Un incendie qui plaît à la Russie
L'Europe doit continuer à miser sur une perspective européenne pour la Serbie et le Kosovo, écrit l'éditorialiste Pierre Haski pour France Inter :
«La Russie a apporté son soutien à la Serbie dans cette crise naissante, trop contente de mettre de l’huile sur un feu qui implique les pays de l’OTAN. Car vingt-cinq ans après son indépendance, le Kosovo est toujours placé sous la protection de l’OTAN qui a une présence militaire sur place. … L’Union européenne tente avec beaucoup de mal de mener une médiation entre Belgrade et Pristina, en utilisant la carotte d’une adhésion à l’UE d’ici à 2030. Mais cette perspective semble encore trop aléatoire pour calmer les pulsions nationalistes des deux côtés.Il n’y a pourtant guère que l’idée européenne qui puisse pacifier, comme elle a su le faire ailleurs, un conflit inextricable.»
La Serbie en plein délire
Jutarnji list déplore l'attitude du pays voisin :
«La Serbie décrète une journée de deuil pour la mort de quatre terroristes, Novak Djoković s'exclame qu'il 'ne comprend pas comment 19 puissants Etats ont pu attaquer à l'époque la petite Serbie' et Aleksandar Vučić s'exprime à l'ONU comme s'il était l'émissaire de Loukachenko et de Poutine. ... Bien que la Serbie ait perdu des guerres au cours desquelles son peuple a commis des atrocités pour lesquelles elle a été sanctionnée et que sa propre politique ait provoqué l'exode des Serbes des pays voisins, elle reste convaincue qu'elle est un peuple élu. Qui tôt ou tard corrigera toutes les injustices dont elle a soi-disant fait l'objet. Tant que l'Occident restera les bras croisés, les Balkans seront une poudrière.»

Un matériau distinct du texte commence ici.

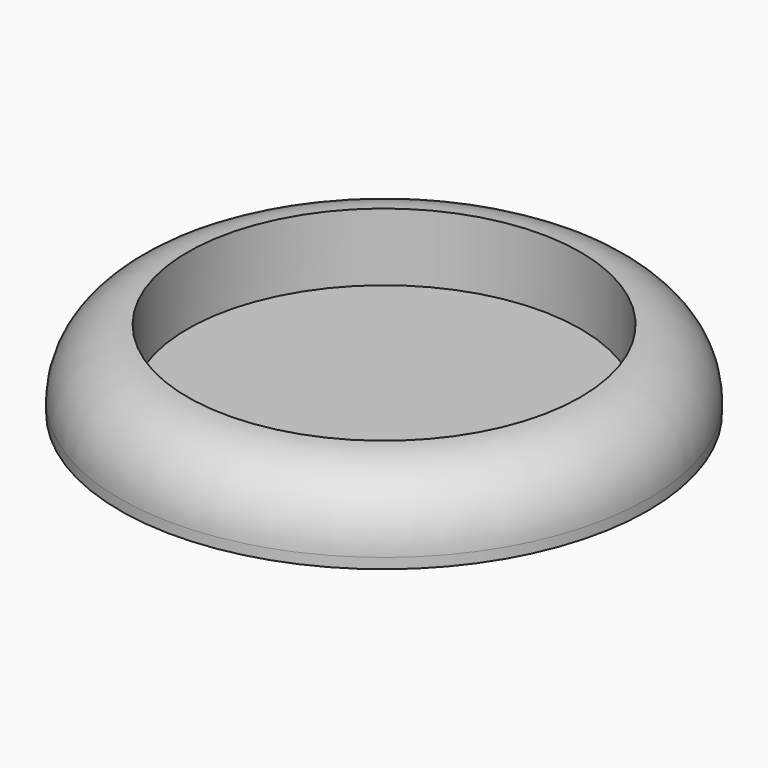
from build123d import *

# Parameters (mm, degrees)
F0_R     = 50.8
F0_R_2   = 37.8
F1_DEPTH = 2
F2_DEPTH = 13
F3_R     = 12.99999


# Not quite as in the source:
# - a fillet or chamfer is up to 0.001 mm smaller than in the source, because OpenCascade refuses the exact size


with BuildPart() as f1:
    # F0 (on Top) → F1 (new body)
    with BuildSketch(Plane.XY):
        Circle(F0_R)
        Circle(F0_R_2, mode=Mode.SUBTRACT)
        Circle(F0_R_2)
    extrude(amount=-F1_DEPTH)

    # F0 (on Top) → F2 (join)
    with BuildSketch(Plane.XY):
        Circle(F0_R)
        Circle(F0_R_2, mode=Mode.SUBTRACT)
    extrude(amount=F2_DEPTH)

    # F3 (radius 13 in the source; OpenCascade refuses exactly that, so slightly less here)
    f3_edges = [f1.edges().sort_by_distance(p)[0] for p in [
        (-50.8, 0, 13),
    ]]
    fillet(f3_edges, radius=F3_R)


solid = f1.part

Belgrade pourrait doubler la mise
Ukraïnska Pravda redoute que la situation dans la région s'envenime :
«Les autorités serbes ont toujours tenté de présenter tout conflit au Nord-Kosovo comme la réaction spontanée des Serbes locaux à la répression exercée par l'administration du Kosovo. Il sera cependant très difficile de faire passer les affrontements de dimanche sous un jour favorable pour Belgrade. ... Si le Kosovo peut prouver que Belgrade a été impliquée dans l'organisation des incidents, la position de la Serbie risque de s'en trouver ébranlée. Ceci ne mènera toutefois pas nécessairement à une stabilisation dans la région. La Serbie pourrait en effet décider de doubler la mise pour faire craindre à l'Occident une reprise de la guerre, afin que celui-ci exerce une pression sur le Kosovo.»